After this shifting process is done, the difference between the starting index and the index at which the highest correlation coefficient was found on the longer sample set is the delay between the two sample sets. This process is repeated until the delay is found for all microphones relative to the reference microphone.

The initial delays between each microphone starting to sample are constant throughout each sampling session. This means once they are known, we can correct for them when finding arrival time delays.

Fig. 4. Illustration of the cross-correlation function between two channels and its delay estimation.

**Find the Beginning of a
Sound:** After calibration, the next step is to look for the beginning of a
sound. Noise measured by the microphone was assumed to be additive white
Gaussian noise, and this was confirmed experimentally. To distinguish
between white Gaussian noise and a sound we would be interested in, a relatively
quiet room was recorded for a length of time. From a histogram of the
samples, the standard deviation was computed. We assumed that if a sample
was greater than six standard deviations away from the mean, then it was not
white Gaussian noise. Therefore, to find the beginning of a sound, we
checked every incoming sample versus a threshold which was over six standard
deviations away from the mean.

**Find the End of a Sound:
**Since noise is assumed to be white Gaussian, a six standard deviation
threshold can be used again. If the samples fall below the threshold for a
period of time, then we assumed that was the end of the sound.

** **

__Signal Processing:__

This stage is formed by three consecutive steps which are illustrated in Fig. 5:

Fig. 5. Schematic illustration of the main steps for estimating the sound location.
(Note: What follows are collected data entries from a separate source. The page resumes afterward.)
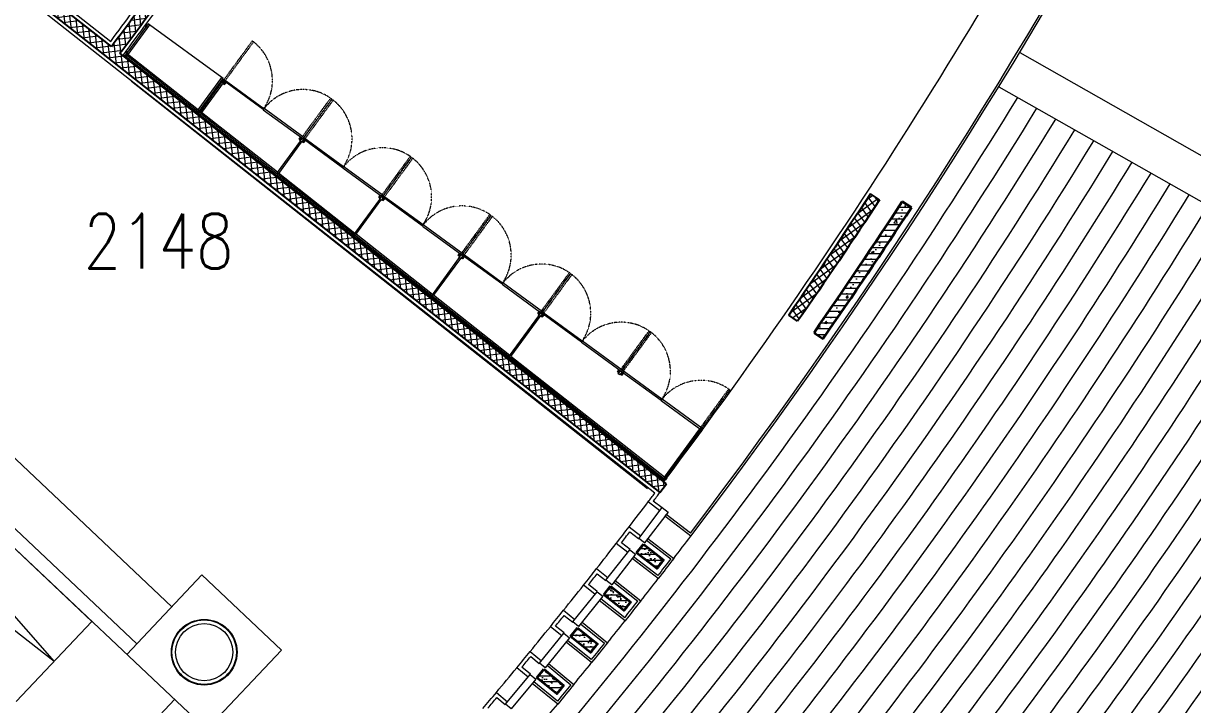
# Model space of a CAD drawing. Header units: inches. Extents: x 342932 to 557958, y 80625 to 242727.
# Drawn here: x 468383 to 484415, y 121488 to 130834 of the extents above; entities that cross this region are included whole.
import ezdxf
from ezdxf.enums import TextEntityAlignment as Align

# ---------------------------------------------------------------- set-up
doc = ezdxf.new("R2010")
doc.units = ezdxf.units.IN
doc.header["$MEASUREMENT"] = 0
doc.linetypes.add('First Floor$0$HIDDEN', pattern=[0.375, 0.25, -0.125])
for name, color, linetype, lineweight in [('First Floor$0$A-G23-M-Stairs-Concrete', 251, 'Continuous', 15), ('First Floor$0$A-G24-M-Roof', 251, 'Continuous', 20), ('First Floor$0$A-G250-G-Walls-Low-Level', 251, 'Continuous', 15), ('First Floor$0$A-G250-G-Walls-Precast-Concrete', 251, 'Continuous', 35), ('First Floor$0$A-G250-M-Walls-Blockwork', 7, 'Continuous', 25), ('First Floor$0$A-G252-H-Internal-Walls', 251, 'Continuous', 9), ('First Floor$0$A-G262-H-Precast-Panel', 251, 'Continuous', 5), ('First Floor$0$A-G312-M-Wall-Cladding-Panel', 7, 'Continuous', 9), ('First Floor$0$A-G312-M-Wall-Finish-Plaster', 7, 'Continuous', 15), ('First Floor$0$A-G321-M-Window', 251, 'Continuous', 9), ('First Floor$0$A-G4-M-Furniture-Built-In', 251, 'Continuous', 9), ('First Floor$0$Z-Z001-S-Room-Name-Identification-250', 7, 'Continuous', 15), ('Ground Floor$0$A-G312-M-Wall-Finish-Plaster', 251, 'Continuous', 15)]:
    doc.layers.add(name, color=color, linetype=linetype, lineweight=lineweight)
doc.styles.add('First Floor$0$Tag-RomanS', font='romans.shx', dxfattribs={"width": 0.8})
pattern_1 = [(0, (361382.11, 239676.52), (2e-14, 79.375), [])]
pattern_2 = [(50, (361382.11, 239676.52), (182.18467, -15.93909), [19.05, -209.55]), (355, (361382.11, 239676.52), (-35.24283, 191.05664), [15.24, -167.64]), (100.451, (361397.3, 239675.2), (146.9425, 175.11669), [16.19, -178.09]), (46.1842, (361382.11, 239727.32), (271.07904, -42.04233), [28.575, -314.325]), (96.6356, (361404.7, 239723.82), (237.40423, 247.42556), [24.285, -267.135]), (351.184, (361382.1, 239727.32), (237.4046, 247.4251), [22.86, -251.46]), (21, (361407.51, 239714.62), (151.61488, -102.26552), [19.05, -209.55]), (326, (361407.51, 239714.62), (61.80203, 184.18797), [15.24, -167.64]), (71.4514, (361420.15, 239706.1), (213.4165, 81.92286), [16.19, -178.09]), (37.5, (361382.114, 239676.52), (3.088603, 84.55504), [0, -165.608, 0, -170.18, 0, -168.275]), (7.5, (361382.11, 239676.52), (66.819663, 100.180575), [0, -97.028, 0, -161.798, 0, -64.135]), (327.5, (361325.47, 239676.52), (135.590595, -5.728744), [0, -63.5, 0, -198.12, 0, -262.89]), (317.5, (361300.07, 239676.52), (148.12918, 25.42649), [0, -82.55, 0, -131.572, 0, -186.69])]

# ---------------------------------------------------------------- blocks, each defined once
blk = doc.blocks.new('First Floor$0$A$C647553F4')
for p, q in [((2, 0), (0, 0)), ((2, -21), (2, 0)), ((2, -21), (0, -21)), ((17, -8), (2, -8)), ((17, -13), (2, -13)), ((5, -36), (30, -36)), ((5, -39), (5, -36)), ((10, -13), (8, -36)), ((11, -3), (11, -8)), ((11, -3), (24, -3)), ((13, -5), (21, -5)), ((13, -8), (13, -5)), ((13, -15), (13, -13)), ((21, -15), (13, -15)), ((21, -5), (21, -15)), ((24, -3), (27, -36)), ((30, -39), (30, -36))]:
    blk.add_line(p, q)
at = {"elevation": 0}
blk.add_lwpolyline([(5, -36), (30, -36), (30, -39), (5, -39)], close=True, dxfattribs=at)
blk.add_circle((17, -10), 2.46)
blk = doc.blocks.new('First Floor$0$A$C05DB4EB2')
h = blk.add_hatch(color=256)
h.paths.add_polyline_path([(-13, -48), (13, -48), (13, -2), (-13, -2)], flags=16)
h.paths.add_polyline_path([(-15, -50), (15, -50), (15, 0), (-15, 0)])
for points in [[(-15, -50), (15, -50), (15, 0), (-15, 0)], [(-13, -48), (13, -48), (13, -2), (-13, -2)]]:
    blk.add_lwpolyline(points, close=True)
blk = doc.blocks.new('First Floor$0$tag-roomname')
at = {"lineweight": 18, "ltscale": 0.01, "style": 'First Floor$0$Tag-RomanS', "width": 0.8}
blk.add_attdef('ROOM_NO_2', text='', height=3, dxfattribs=at).set_placement((0, 1.612), align=Align.MIDDLE_CENTER)
at = {"linetype": 'ByBlock', "lineweight": 15, "ltscale": 0.01, "style": 'First Floor$0$Tag-RomanS', "width": 0.8, "flags": 1}
for tag, p in [('ROOM_NAME_1', (0, -2.288)), ('ROOM_NAME_2', (0, -5.744))]:
    blk.add_attdef(tag, text='', height=2.5, dxfattribs=at).set_placement(p, align=Align.MIDDLE_CENTER)

msp = doc.modelspace()

# ---------------------------------------------------------------- hatches: boundary and pattern name
at = {"layer": 'First Floor$0$A-G252-H-Internal-Walls'}
h = msp.add_hatch(dxfattribs=at)
h.set_pattern_fill('ANSI37', color=256, scale=25, angle=322, style=0)
h.set_pattern_definition([(7, (361382.11, 239676.52), (-9.67338, 78.78335), []), (97, (361382.11, 239676.52), (-78.78335, -9.67338), [])])
h.paths.add_polyline_path([(477109.1, 124396.8), (477199.5, 124516.6), (469707.6, 130422.7, 0.0042351), (470353.6, 131302), (470231.3, 131388.9, -0.0042159), (469589.7, 130515.6), (468685.6, 131228.4), (468594.9, 131108.9)])
h = msp.add_hatch(dxfattribs=at)
h.set_pattern_fill('ANSI37', color=256, scale=25, angle=81, style=0)
h.set_pattern_definition([(126, (361382.11, 239676.52), (-64.215724, -46.655454), []), (216, (361382.11, 239676.52), (46.655454, -64.215724), [])])
h.paths.add_polyline_path([(478876.4, 126832.2), (478999.6, 126746.7, 0.0067037), (480123.1, 128414.9), (479997.7, 128497.1, -0.0067036)])
at = {"layer": 'First Floor$0$A-G262-H-Precast-Panel'}
h = msp.add_hatch(dxfattribs=at)
h.set_pattern_fill('ANSI31', color=256, scale=25, angle=315, style=0)
h.set_pattern_definition(pattern_1)
h.paths.add_polyline_path([(479224, 126590.9), (479347.2, 126505.4, 0.0072618), (480560.5, 128308.5), (480434.9, 128390.4, -0.0072618)])
h = msp.add_hatch(dxfattribs=at)
h.set_pattern_fill('AR-CONC', color=256, scale=2, style=0)
h.set_pattern_definition([(50, (361382.1, 239676.52), (364.36934, -31.87817), [38.1, -419.1]), (355, (361382.1, 239676.52), (-70.48565, 382.1133), [30.48, -335.28]), (100.451, (361412.48, 239673.87), (293.885, 350.2334), [32.38, -356.18]), (46.1842, (361382.1, 239778.1), (542.1581, -84.0847), [57.15, -628.65]), (96.6356, (361427.3, 239771.1), (474.8085, 494.8511), [48.57, -534.27]), (351.184, (361382.1, 239778.1), (474.8092, 494.8502), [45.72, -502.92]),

**Sound Detection Error Check:
**The Sample a Sound process detailed in the above section happens
independently for each microphone. This means that one microphone can
register a sound while the others do not register anything. This can be
caused by a number of reasons. For example, if a person tapped one
microphone, it would register a very strong signal, but none of the others would
register a signal beyond normal noise. This would be a faulty sound
measurement, and the very strong signal should be discarded.

The correct signal detection case is when all the microphones detect a sound at approximately the same time and all the sounds detected are approximately the same length. In order to determine if the correct case has been reached, we use the phases detailed under the Sample a Sound section.

**Find the Delays: **Once all
microphones have recorded a sound, an algorithm similar to the calibration
algorithm is used. A sliding correlation coefficient window finds the
point at which the sounds best line up and finds the delay in arrival time
between the two microphones.

**Find the Sound Location:
**Our experiment did not get to the point at which we were finding coordinates
of the sound location, which would have been our next step. We were able to find
a rough estimate of the direction of the source by using the estimated delays
between two microphones. For instance, using only the estimated delay we could
discriminate if the source comes from right or left. In addition, if we know a
priori that the source is far from the array, then we can assume that the
acoustic field at the sensor position can be described by a plane wave, so we
can estimate its direction of arrival using the distance between sensors and
sound speed, Vs. Fig. 6 illustrates a linear array of two microphones sensing a
far acoustic field arriving from direction θ, where C(**s**_{1},
**s**_{2}) is the cross correlation between the measurements
**s**_{1} and **s**_{2} taken from microphone 1 and
microphone 2, respectively.

Fig.6. Linear array formed by two microphones for estimating delay and angle of arrival of a far acoustic field.